Stored items from a collection
BEGIN

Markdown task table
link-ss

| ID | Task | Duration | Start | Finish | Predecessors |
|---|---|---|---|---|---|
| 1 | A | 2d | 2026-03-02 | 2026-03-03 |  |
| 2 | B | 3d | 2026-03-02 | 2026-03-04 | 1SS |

END

*Work item*: Nothing from before the line containing "2d | 2026-03-02" should appear; copy that line and each one after it through the last line of the entries, exactly.

*Solved exercise*:
| 1 | A | 2d | 2026-03-02 | 2026-03-03 |  |
| 2 | B | 3d | 2026-03-02 | 2026-03-04 | 1SS |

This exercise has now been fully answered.